Alors, Dagobert, fils de Sigebert II, fut rappelé
d'Irlande où il avait été exilé, et on le proclama roi;
et l'évêque Léger, libéré, retourna à Autun. Mais les
rivalités familiales et courtisanes recommencèrent et la
ville d'Autun, assiégée, ainsi que son évêque Léger
furent de nouveau menacés; mais Léger refusa de
s'enfuir, car il estimait que sa présence à Autun était
nécessaire. Il distribua tout ce qu'il possédait aux
pauvres, et fit ensuite son testament. L'ennemi exigea
qu'on lui livrât Léger pour que la ville fût épargnée.
La ville d'Autun se défendit si bien qu'elle fut sauvée,
mais des traîtres livrèrent Léger aux ennemis qui le
torturèrent. Cependant, le Seigneur chargé de surveiller
l'évêque, le comte Vaneng, le considéra comme un martyr
de Jésus-Christ, et le plaça dans le monastère de
Fécamp. Le saint évêque y passa trois ans. Ses plaies
guérirent, et il recouvra l'usage de la parole, ce qui
fut regardé comme un miracle.
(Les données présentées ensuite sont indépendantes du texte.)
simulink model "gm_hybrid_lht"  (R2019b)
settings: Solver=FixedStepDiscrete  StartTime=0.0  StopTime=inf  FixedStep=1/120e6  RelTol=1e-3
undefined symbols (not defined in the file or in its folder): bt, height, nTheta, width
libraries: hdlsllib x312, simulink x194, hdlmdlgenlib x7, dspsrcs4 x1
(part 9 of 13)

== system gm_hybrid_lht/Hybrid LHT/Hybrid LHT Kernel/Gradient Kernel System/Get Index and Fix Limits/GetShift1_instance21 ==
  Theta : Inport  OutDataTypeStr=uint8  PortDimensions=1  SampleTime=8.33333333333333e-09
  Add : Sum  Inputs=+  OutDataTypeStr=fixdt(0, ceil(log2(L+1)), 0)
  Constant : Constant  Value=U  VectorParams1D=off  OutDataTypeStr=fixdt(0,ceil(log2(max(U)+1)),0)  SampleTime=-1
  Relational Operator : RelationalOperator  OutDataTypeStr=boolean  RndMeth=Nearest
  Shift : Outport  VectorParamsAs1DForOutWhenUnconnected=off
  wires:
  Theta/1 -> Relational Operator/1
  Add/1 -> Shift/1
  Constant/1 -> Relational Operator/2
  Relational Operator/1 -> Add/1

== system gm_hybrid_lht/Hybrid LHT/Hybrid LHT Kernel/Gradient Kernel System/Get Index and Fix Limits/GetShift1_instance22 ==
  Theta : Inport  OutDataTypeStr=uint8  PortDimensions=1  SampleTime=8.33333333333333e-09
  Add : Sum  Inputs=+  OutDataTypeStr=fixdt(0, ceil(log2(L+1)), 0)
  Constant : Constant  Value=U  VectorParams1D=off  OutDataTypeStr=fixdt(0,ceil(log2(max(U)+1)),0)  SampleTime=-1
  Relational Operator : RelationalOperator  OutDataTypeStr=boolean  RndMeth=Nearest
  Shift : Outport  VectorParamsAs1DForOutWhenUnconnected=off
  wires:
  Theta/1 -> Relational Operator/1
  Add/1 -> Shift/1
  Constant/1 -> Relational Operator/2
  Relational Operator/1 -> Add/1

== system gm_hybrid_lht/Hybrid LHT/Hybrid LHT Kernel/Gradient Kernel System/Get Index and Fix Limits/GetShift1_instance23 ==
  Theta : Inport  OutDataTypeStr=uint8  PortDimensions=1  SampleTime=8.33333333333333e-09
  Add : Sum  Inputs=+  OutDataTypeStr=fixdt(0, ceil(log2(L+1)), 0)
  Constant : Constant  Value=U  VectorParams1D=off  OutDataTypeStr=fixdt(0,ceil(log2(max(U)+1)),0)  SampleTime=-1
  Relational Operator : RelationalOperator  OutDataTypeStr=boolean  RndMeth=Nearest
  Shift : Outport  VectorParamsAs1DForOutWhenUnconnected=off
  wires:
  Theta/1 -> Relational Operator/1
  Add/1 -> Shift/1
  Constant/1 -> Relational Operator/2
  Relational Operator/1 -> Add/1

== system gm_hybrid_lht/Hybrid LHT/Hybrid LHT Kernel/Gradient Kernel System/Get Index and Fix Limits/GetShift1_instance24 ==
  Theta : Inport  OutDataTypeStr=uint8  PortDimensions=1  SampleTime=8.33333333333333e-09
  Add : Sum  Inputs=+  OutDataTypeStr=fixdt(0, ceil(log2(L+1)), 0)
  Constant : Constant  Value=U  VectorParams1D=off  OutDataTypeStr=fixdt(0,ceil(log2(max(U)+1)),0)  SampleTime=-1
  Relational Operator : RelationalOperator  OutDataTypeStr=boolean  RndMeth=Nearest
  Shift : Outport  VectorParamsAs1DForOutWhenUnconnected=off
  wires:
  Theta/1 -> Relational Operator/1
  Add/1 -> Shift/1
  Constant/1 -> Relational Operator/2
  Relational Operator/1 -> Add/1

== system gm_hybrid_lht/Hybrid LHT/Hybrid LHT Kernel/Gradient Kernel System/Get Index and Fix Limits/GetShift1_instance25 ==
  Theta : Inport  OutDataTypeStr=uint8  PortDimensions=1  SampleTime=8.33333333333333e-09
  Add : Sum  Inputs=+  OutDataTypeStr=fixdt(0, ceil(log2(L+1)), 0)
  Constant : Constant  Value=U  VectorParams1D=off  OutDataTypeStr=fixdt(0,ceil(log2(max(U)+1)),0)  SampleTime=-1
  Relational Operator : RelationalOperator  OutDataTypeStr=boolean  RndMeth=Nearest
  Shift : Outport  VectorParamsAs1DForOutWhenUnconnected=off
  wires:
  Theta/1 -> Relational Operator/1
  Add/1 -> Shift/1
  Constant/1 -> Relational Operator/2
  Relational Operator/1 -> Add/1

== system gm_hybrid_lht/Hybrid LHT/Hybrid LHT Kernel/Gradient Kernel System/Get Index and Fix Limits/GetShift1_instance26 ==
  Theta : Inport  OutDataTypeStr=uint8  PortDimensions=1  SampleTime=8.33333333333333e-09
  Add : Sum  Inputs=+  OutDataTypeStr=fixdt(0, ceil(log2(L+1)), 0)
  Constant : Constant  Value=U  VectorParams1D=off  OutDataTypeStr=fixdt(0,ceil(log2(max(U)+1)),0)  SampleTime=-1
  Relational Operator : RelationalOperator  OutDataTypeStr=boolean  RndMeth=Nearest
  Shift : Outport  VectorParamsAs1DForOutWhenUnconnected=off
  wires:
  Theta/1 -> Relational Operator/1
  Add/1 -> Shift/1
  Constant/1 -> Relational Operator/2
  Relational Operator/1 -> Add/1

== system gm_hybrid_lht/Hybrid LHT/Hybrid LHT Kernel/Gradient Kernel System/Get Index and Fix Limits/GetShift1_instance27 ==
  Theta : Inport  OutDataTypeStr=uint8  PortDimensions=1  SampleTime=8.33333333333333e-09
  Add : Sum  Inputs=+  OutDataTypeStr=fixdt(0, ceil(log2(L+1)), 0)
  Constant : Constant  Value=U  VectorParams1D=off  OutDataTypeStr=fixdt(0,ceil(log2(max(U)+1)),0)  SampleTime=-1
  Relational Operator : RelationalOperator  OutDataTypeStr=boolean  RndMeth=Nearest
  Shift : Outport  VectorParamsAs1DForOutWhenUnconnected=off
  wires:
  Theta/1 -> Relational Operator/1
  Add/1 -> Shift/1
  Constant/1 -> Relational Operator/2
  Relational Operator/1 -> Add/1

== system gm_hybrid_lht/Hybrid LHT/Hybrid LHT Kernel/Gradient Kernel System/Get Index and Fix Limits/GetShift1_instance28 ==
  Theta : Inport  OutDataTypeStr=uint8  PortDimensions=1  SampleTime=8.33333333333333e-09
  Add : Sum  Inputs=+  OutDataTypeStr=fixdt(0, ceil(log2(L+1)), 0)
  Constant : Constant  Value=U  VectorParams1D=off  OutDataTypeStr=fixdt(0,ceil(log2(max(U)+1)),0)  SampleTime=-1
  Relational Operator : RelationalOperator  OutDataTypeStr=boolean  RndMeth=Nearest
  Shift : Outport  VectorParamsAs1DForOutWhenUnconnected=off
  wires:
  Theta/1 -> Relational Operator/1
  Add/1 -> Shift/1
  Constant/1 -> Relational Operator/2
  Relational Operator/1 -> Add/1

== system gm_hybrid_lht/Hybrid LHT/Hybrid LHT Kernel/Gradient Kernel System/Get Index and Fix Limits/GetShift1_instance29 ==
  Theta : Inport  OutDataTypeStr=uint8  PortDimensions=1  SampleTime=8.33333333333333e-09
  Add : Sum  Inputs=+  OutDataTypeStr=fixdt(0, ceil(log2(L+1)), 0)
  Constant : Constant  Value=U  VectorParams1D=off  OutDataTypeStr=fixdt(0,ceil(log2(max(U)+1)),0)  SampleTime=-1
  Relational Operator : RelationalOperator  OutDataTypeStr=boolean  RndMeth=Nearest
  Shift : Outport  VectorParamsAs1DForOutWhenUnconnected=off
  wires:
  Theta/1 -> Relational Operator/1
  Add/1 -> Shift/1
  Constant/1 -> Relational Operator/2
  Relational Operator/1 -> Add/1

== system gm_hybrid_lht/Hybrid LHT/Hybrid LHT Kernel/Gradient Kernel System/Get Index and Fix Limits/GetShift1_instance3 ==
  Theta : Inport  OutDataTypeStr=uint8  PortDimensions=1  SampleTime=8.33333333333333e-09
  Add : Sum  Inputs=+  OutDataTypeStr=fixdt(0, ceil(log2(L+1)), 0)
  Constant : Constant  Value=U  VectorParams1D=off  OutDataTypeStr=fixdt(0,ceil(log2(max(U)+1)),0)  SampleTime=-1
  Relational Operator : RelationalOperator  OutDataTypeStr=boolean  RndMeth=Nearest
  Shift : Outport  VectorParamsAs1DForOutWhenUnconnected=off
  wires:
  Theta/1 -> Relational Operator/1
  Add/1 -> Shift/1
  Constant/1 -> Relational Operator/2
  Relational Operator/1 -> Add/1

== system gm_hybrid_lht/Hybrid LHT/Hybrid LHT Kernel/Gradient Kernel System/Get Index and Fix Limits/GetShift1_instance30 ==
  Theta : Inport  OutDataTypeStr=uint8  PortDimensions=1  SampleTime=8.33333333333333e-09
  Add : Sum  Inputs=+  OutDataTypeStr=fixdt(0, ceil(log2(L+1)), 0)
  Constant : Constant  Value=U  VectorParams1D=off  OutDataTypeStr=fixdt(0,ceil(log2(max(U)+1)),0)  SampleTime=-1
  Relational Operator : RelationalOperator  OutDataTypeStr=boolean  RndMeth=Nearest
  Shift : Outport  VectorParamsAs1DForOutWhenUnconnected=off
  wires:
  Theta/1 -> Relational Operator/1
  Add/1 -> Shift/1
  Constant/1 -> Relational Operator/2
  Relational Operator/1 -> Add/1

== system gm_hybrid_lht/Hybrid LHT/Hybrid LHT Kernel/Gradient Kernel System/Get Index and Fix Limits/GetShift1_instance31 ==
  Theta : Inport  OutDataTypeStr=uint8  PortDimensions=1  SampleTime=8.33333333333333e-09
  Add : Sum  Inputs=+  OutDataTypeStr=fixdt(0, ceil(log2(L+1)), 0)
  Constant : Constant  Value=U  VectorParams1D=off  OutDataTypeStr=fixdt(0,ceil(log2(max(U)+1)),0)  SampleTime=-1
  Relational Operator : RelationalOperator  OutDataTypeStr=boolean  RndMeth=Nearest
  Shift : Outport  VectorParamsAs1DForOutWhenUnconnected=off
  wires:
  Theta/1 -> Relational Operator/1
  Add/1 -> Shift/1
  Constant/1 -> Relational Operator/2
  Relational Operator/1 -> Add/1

Il instruisait les
religieuses du monastère, offrait tous les jours le
saint sacrifice de la messe, et priait continuellement.
Mais
les persécutions contre saint Léger reprirent. Quatre
soldats le menèrent dans une forêt et s'arrêtèrent à
l'endroit où ils devaient le supplicier. Alors, trois
d'entre eux se jetèrent à ses pieds et le conjurèrent de
leur pardonner. Le saint évêque pria pour eux; puis
ayant dit qu'il était prêt à mourir, le quatrième soldat
lui coupa la tête. Son martyre eut lieu en 678, dans la
forêt d'Iveline, dite aujourd'hui de Saint-Léger,
dans le diocèse d'Arras, sur les confins de celui de
Cambrai.
L'évêque de Poitiers avait fait transférer les reliques
de l'évêque Léger dans le monastère de Saint Maixent.
Plusieurs miracles s'étant produits par l'intercession
de saint Léger, de nombreuses églises furent bâties en
France, en son honneur. Saint Léger fut canonisé en 681.
Sa fête est le 2 octobre. Une complainte, dite
"de saint Léger", écrite en 970, sera l'un des tout
premiers textes littéraires de la langue romane, qui
commençait à devenir une langue populaire.
Voici quelques petites informations. L'Austrasie était
le Royaume des Francs orientaux à l'époque
mérovingienne, du VIe au V IIIme
siècle. L'Austrasie était souvent opposée à la Neustrie,
royaume franc occidental. Les maires du palais
d'Austrasie, intendants de la maison du roi mérovingien,
puis chefs de l'administration royale, furent les
ancêtres de la dynastie carolingienne. La Burgondie est
en gros, située entre l'Austrasie et la Neustrie.